Представьте себе, например, обложку романа Ричарда Марша «Жук», одного из британских бестселлеров 1890-х годов, чьи продажи поначалу превосходили «Дракулу» Брэма Стокера. Для карманного издания 1959 года художник придумал изобразить на ней гигантского черного с зеленым отливом жука на мрачном чернильном фоне. Он покушается на беспомощно лежащую женщину. Жуткое зрелище. Главный вопрос, связанный с новым статусом монстров, заключался в том, могут ли они угрожать не только главным героям произведения, но и всему миру. Даже более прямолинейно: может ли жук угрожать всему человечеству? Для эпохи Мэри Шелли и Гоголя этот вопрос не имеет смысла. Как может какое-то одно чудище угрожать всей человеческой цивилизации? В литературе ничего такого не было. Правда, помните, во «Франкенштейне» есть намек на эту проблему. Если бы существо получило от Виктора Франкенштейна супругу, то народились бы маленькие «франкенштейнички», которые могли бы постепенно создать свои поселения по окраинам континентов и в итоге вытеснить людей. Но это лишь гипотетическая угроза, никакого реального размножения монстра в романе мы не видим. До начала XX века готическая литература не знала таких нашествий. Даже в романе Ричарда Марша жук возникает в единственном экземпляре, а не целой стаей. Он материализуется в Лондоне и угрожает только его жителям, а не всему миру. На самом деле даже Дракула в романе Стокера был более опасен для человечества, чем этот страшный жук. Огромное полчище насекомоподобных монстров будет угрожать миру лишь в XX веке, например в фильмах «Мутанты» (1997) или «Атака пауков» (2002).
Обложка первого издания романа Ричарда Марша «Жук».
Прекрасная дева и чудовище на рисунке финского художника Аксели Галлен-Каллелы. 1906 г.

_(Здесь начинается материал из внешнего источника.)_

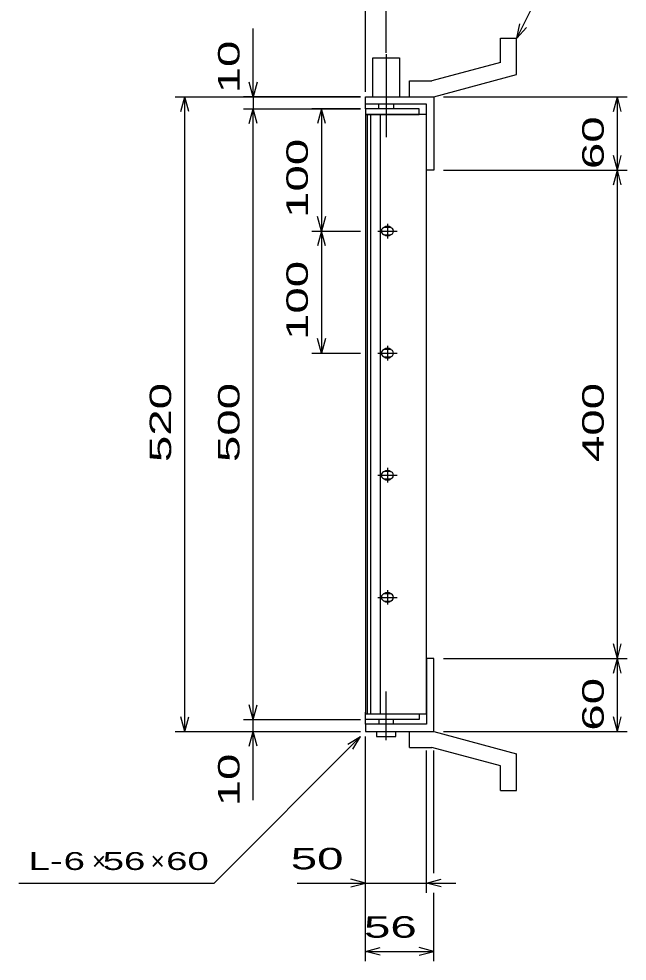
# Model space of a CAD drawing. Units: millimetres, scale not verified. Extents: x -1456 to 1389, y -1026 to 839.
# Drawn here: x -454 to 44, y -325 to 447 of the extents above; entities that cross this region are included whole.
import ezdxf
from ezdxf.enums import TextEntityAlignment as Align

# ---------------------------------------------------------------- set-up
doc = ezdxf.new("R2010")
doc.units = ezdxf.units.MM
doc.header["$LTSCALE"] = 8
doc.linetypes.add('LONG_DASHED_DOTTED', pattern=[15.25, 12, -1.5, 0.25, -1.5])
for name, color, linetype, lineweight in [('16', 3, 'Continuous', 25), ('19', 6, 'Continuous', 25), ('22', 2, 'Continuous', 25)]:
    doc.layers.add(name, color=color, linetype=linetype, lineweight=lineweight)
doc.styles.add('ベクトル', font='')
doc.styles.get('ベクトル').set_extended_font_data('ベクトル')

msp = doc.modelspace()

# ---------------------------------------------------------------- linework, layer by layer
at = {"layer": '16'}
for p, q in [((-126.5, 372.8), (-170.5, 372.8)), ((-170.5, 372.8), (-170.5, 368.3)), ((-126.5, 368.3), (-126.5, 372.8)), ((-170.5, 368.3), (-126.5, 368.3)), ((-170.5, 368.3), (-170.5, -122.7)), ((-120.5, 368.3), (-170.5, 368.3)), ((-169, 368.3), (-169, -122.7)), ((-166, -122.7), (-166, 368.3)), ((-158.5, 368.3), (-158.5, -122.7)), ((-120.5, -122.7), (-120.5, 368.3)), ((-152.5, 278.8), (-152.5, 266.8)), ((-160.5, 272.8), (-144.5, 272.8)), ((-150.5, 275.8), (-154.5, 275.8)), ((-154.5, 269.8), (-150.5, 269.8)), ((-152.5, 178.8), (-152.5, 166.8)), ((-160.5, 172.8), (-144.5, 172.8)), ((-150.5, 175.8), (-154.5, 175.8)), ((-154.5, 169.8), (-150.5, 169.8)), ((-152.5, 78.8), (-152.5, 66.8)), ((-160.5, 72.8), (-144.5, 72.8)), ((-150.5, 75.8), (-154.5, 75.8)), ((-154.5, 69.8), (-150.5, 69.8)), ((-152.5, -21.2), (-152.5, -33.2)), ((-160.5, -27.2), (-144.5, -27.2)), ((-150.5, -24.2), (-154.5, -24.2)), ((-154.5, -30.2), (-150.5, -30.2)), ((-170.5, -122.7), (-126.5, -122.7)), ((-170.5, -127.2), (-170.5, -122.7)), ((-170.5, -122.7), (-120.5, -122.7)), ((-126.5, -122.7), (-126.5, -127.2)), ((-126.5, -127.2), (-170.5, -127.2))]:
    msp.add_line(p, q, dxfattribs=at)
for centre, radius, start, end in [((-154.5, 272.8), 3, 90, 270), ((-152.5, 272.8), 4, 46.6, 133.4), ((-150.5, 272.8), 3, 270, 90), ((-152.5, 272.8), 4, 226.6, 313.4), ((-154.5, 172.8), 3, 90, 270), ((-152.5, 172.8), 4, 46.6, 133.4), ((-152.5, 172.8), 4, 226.6, 313.4), ((-150.5, 172.8), 3, 270, 90), ((-154.5, 72.8), 3, 90, 270), ((-152.5, 72.8), 4, 46.6, 133.4), ((-152.5, 72.8), 4, 226.6, 313.4), ((-150.5, 72.8), 3, 270, 90), ((-154.5, -27.2), 3, 90, 270), ((-152.5, -27.2), 4, 46.6, 133.4), ((-152.5, -27.2), 4, 226.6, 313.4), ((-150.5, -27.2), 3, 270, 90)]:
    msp.add_arc(centre, radius, start, end, dxfattribs=at)
at = {"layer": '19'}
for p, q in [((-59.89, 430.92), (-46.89, 430.92)), ((-59.89, 410.9), (-59.89, 430.92)), ((-46.89, 400.92), (-46.89, 430.92)), ((-164.5, 382.8), (-164.5, 414.8)), ((-164.5, 414.8), (-142.5, 414.8)), ((-142.5, 414.8), (-142.5, 382.8)), ((-59.89, 410.9), (-116.22, 395.81)), ((-134.51, 395.81), (-116.22, 395.81)), ((-134.51, 382.81), (-134.51, 395.81)), ((-114.5, 382.8), (-46.89, 400.92)), ((-170.5, 372.8), (-170.5, 382.8)), ((-170.5, 376.8), (-170.5, 382.8)), ((-170.5, 382.8), (-114.5, 382.8)), ((-134.5, 382.8), (-114.5, 382.8)), ((-114.5, 382.8), (-114.5, 322.8)), ((-120.5, 376.8), (-170.5, 376.8)), ((-159.5, 372.8), (-159.5, 376.8)), ((-147.5, 376.8), (-147.5, 372.8)), ((-120.5, 322.8), (-120.5, 376.8)), ((-114.5, 322.8), (-120.5, 322.8)), ((-114.5, -77.2), (-120.5, -77.2)), ((-120.5, -77.2), (-120.5, -131.2)), ((-114.5, -137.2), (-114.5, -77.2)), ((-170.5, -131.2), (-170.5, -121.2)), ((-170.5, -131.2), (-170.5, -137.2)), ((-120.5, -131.2), (-170.5, -131.2)), ((-159.5, -127.2), (-159.5, -131.2)), ((-147.5, -131.2), (-147.5, -127.2)), ((-170.5, -137.2), (-114.5, -137.2)), ((-161.5, -137.2), (-161.5, -141.2)), ((-145.5, -141.2), (-145.5, -137.2)), ((-134.51, -150.21), (-134.51, -137.21)), ((-134.5, -137.2), (-114.5, -137.2)), ((-114.5, -137.2), (-46.89, -155.32)), ((-161.5, -141.2), (-145.5, -141.2)), ((-134.51, -150.21), (-116.22, -150.21)), ((-59.89, -165.3), (-116.22, -150.21)), ((-46.89, -185.32), (-46.89, -155.32)), ((-59.89, -185.32), (-59.89, -165.3)), ((-59.89, -185.32), (-46.89, -185.32))]:
    msp.add_line(p, q, dxfattribs=at)
at = {"layer": '19', "linetype": 'LONG_DASHED_DOTTED'}
for p, q in [((-153.5, 417.8), (-153.5, 349.8)), ((-153.5, -144.2), (-153.5, -104.2))]:
    msp.add_line(p, q, dxfattribs=at)
at = {"layer": '22', "color": 4}
for p, q in [((-46.5, 430.8), (9.5, 542.8)), ((-170.5, 386.8), (-170.5, 474.8)), ((-153.5, 418.8), (-153.5, 474.8)), ((-46.5, 430.8), (-44.1, 442.48)), ((-262.5, 382.8), (-262.5, 438.8)), ((-46.5, 430.8), (-38.5, 439.6)), ((-262.5, 382.8), (-265.7, 394.8)), ((-259.3, 394.8), (-262.5, 382.8)), ((-326.5, 382.8), (-174.5, 382.8)), ((-321.7, 370.8), (-318.5, 382.8)), ((-315.3, 370.8), (-318.5, 382.8)), ((-318.5, -137.2), (-318.5, 382.8)), ((-174.5, 382.8), (-270.5, 382.8)), ((-262.5, 382.8), (-262.5, 372.8)), ((-106.5, 382.8), (43.9, 382.8)), ((32.7, 370.8), (35.9, 382.8)), ((39.1, 370.8), (35.9, 382.8)), ((35.9, 322.8), (35.9, 382.8)), ((-270.5, 372.8), (-174.5, 372.8)), ((-265.7, 360.8), (-262.5, 372.8)), ((-259.3, 360.8), (-262.5, 372.8)), ((-262.5, -127.2), (-262.5, 372.8)), ((-174.5, 372.8), (-214.5, 372.8)), ((-206.5, 372.8), (-209.7, 360.8)), ((-203.3, 360.8), (-206.5, 372.8)), ((-206.5, 372.8), (-206.5, 272.8)), ((35.9, 322.8), (32.7, 334.8)), ((35.9, 322.8), (39.1, 334.8)), ((-106.5, 322.8), (43.9, 322.8)), ((32.7, 310.8), (35.9, 322.8)), ((39.1, 310.8), (35.9, 322.8)), ((35.9, -77.2), (35.9, 322.8)), ((-206.5, 272.8), (-209.7, 284.8)), ((-203.3, 284.8), (-206.5, 272.8)), ((-214.5, 272.8), (-174.5, 272.8)), ((-206.5, 272.8), (-209.7, 260.8)), ((-203.3, 260.8), (-206.5, 272.8)), ((-206.5, 272.8), (-206.5, 172.8)), ((-206.5, 172.8), (-209.7, 184.8)), ((-203.3, 184.8), (-206.5, 172.8)), ((-214.5, 172.8), (-174.5, 172.8)), ((35.9, -77.2), (32.7, -65.2)), ((35.9, -77.2), (39.1, -65.2)), ((-106.5, -77.2), (43.9, -77.2)), ((32.7, -89.2), (35.9, -77.2)), ((39.1, -89.2), (35.9, -77.2)), ((35.9, -137.2), (35.9, -77.2)), ((-262.5, -127.2), (-265.7, -115.2)), ((-262.5, -127.2), (-259.3, -115.2)), ((-318.5, -137.2), (-321.7, -125.2)), ((-318.5, -137.2), (-315.3, -125.2)), ((-270.5, -127.2), (-174.5, -127.2)), ((-262.5, -137.2), (-262.5, -127.2)), ((35.9, -137.2), (32.7, -125.2)), ((35.9, -137.2), (39.1, -125.2)), ((-326.5, -137.2), (-174.5, -137.2)), ((-270.5, -137.2), (-174.5, -137.2)), ((-265.7, -149.2), (-262.5, -137.2)), ((-259.3, -149.2), (-262.5, -137.2)), ((-262.5, -193.2), (-262.5, -137.2)), ((-106.5, -137.2), (43.9, -137.2)), ((-294.5, -261.2), (-174.5, -141.2)), ((-184.9, -147.6), (-174.5, -141.2)), ((-180.9, -151.6), (-174.5, -141.2)), ((-170.5, -269.2), (-170.5, -141.2)), ((-170.5, -325.2), (-170.5, -141.2)), ((-120.5, -269.2), (-120.5, -152.6)), ((-114.5, -253.2), (-114.5, -152.6)), ((-454.5, -261.2), (-294.5, -261.2)), ((-226.5, -261.2), (-170.5, -261.2)), ((-170.5, -261.2), (-182.5, -258)), ((-182.5, -264.4), (-170.5, -261.2)), ((-170.5, -261.2), (-120.5, -261.2)), ((-120.5, -261.2), (-108.5, -258)), ((-108.5, -264.4), (-120.5, -261.2)), ((-120.5, -261.2), (-96.5, -261.2)), ((-114.5, -325.2), (-114.5, -269.2)), ((-170.5, -317.2), (-158.5, -314)), ((-114.5, -317.2), (-126.5, -314)), ((-158.5, -320.4), (-170.5, -317.2)), ((-170.5, -317.2), (-114.5, -317.2)), ((-126.5, -320.4), (-114.5, -317.2))]:
    msp.add_line(p, q, dxfattribs=at)

# ---------------------------------------------------------------- texts
at = {"layer": '22', "style": 'ベクトル', "width": 1.65}
for s, p in [(' 10 ', (-282.5, 374.8)), (' 60 ', (15.9, 312.8)), (' 100 ', (-226.5, 272.8)), (' 100 ', (-226.5, 172.8)), (' 520 ', (-338.5, 72.8)), (' 500 ', (-282.5, 72.8)), (' 400 ', (15.9, 72.8)), (' 60 ', (15.9, -147.2)), (' 10 ', (-282.5, -209.2))]:
    msp.add_text(s, height=17.6, rotation=90, dxfattribs=at).set_placement(p, align=Align.MIDDLE_LEFT)
at = {"layer": '22', "style": 'ベクトル'}
for s, height, width, p in [('L-', 14.66, 1.6, (-446.5, -243.2)), (' 6 ', 14.66, 1.6, (-426.5, -243.2)), (' 56 ', 14.66, 1.6, (-394.5, -243.2)), (' 60 ', 14.66, 1.6, (-342.5, -243.2)), (' 50 ', 17.6, 1.65, (-242.5, -241.2)), (' 56 ', 17.6, 1.65, (-182.5, -297.2))]:
    msp.add_text(s, height=height, dxfattribs=dict(at, width=width)).set_placement(p, align=Align.MIDDLE_LEFT)
for p in [(-394.5, -243.2), (-346.5, -243.2)]:
    msp.add_text('×', height=14.66, dxfattribs=at).set_placement(p, align=Align.MIDDLE_LEFT)

doc.saveas('drawing.dxf')

Тем не менее в XIX веке что-то в монстрах все-таки меняется. Попробуем рассмотреть под микроскопом, какая именно трансформация произошла, почему монстры стали более опасны для жизни людей и все чаще начали релоцироваться с далеких окраин в самое сердце европейских столиц. Британия – неоспоримый лидер по количеству монстров в литературе. Почему так? Эти и другие проблемы можно свести к трем основным вопросам:
Таким образом, на этот раз в центре нашего разговора будет не один монстр, а целое созвездие известных чудовищ конца XIX века. Посмотрим, из чего они сделаны и в каком контексте возникали.
Начнем с первого вопроса. Что происходит с готикой? Конец XIX века – эпоха возрождения интереса к готическим романам. Напомню, их первая версия (так сказать, 1.0) появляется на рубеже XVIII и XIX веков. Спустя сто лет новая волна готических романов принесла версию 2.0. Что изменилось?
Давайте сначала разберемся, как мы воспринимаем готику и ужасы. Исследователи пришли к выводу, что у читателей и литературных персонажей есть три базовые реакции на вторжение необычных существ. Если их появление объясняется с рациональной точки зрения (сон, сумасшествие, алкогольное опьянение или воздействие опиума, как у Эдгара По), то речь идет о «сверхъестественном». Если герои романа, повести или рассказа признают (и мы с ними соглашаемся), что монстры действительно есть и это не подлежит ни малейшему сомнению, то тогда говорится о «чудесном». Если же в тексте дается двойная мотивировка (колебание между «сверхъестественным» и «чудесным»), то читатель имеет дело с подлинно «фантастическим». Непростая классификация, на самом деле.
Но если, вооружившись ею, посмотреть на конкретные произведения XIX века, то будет интересно. Мы увидим, что в первой трети столетия на литературной сцене доминируют скорее монстры, которые существуют в фантастическом режиме, то есть гораздо больше таких призраков, ведьм и чудовищ, которые то ли есть, то ли нет – все зависит от восприятия самих героев. Исключения – пожалуйста! Все уже разобранные в книге монстры – Мефистофель, Вий, создание Франкенштейна и вампир лорд Рутвен – как раз действительно существуют, с точки зрения повествователей этих историй. Поскольку они уверены в этом, то и нам, читателям, передается эта уверенность.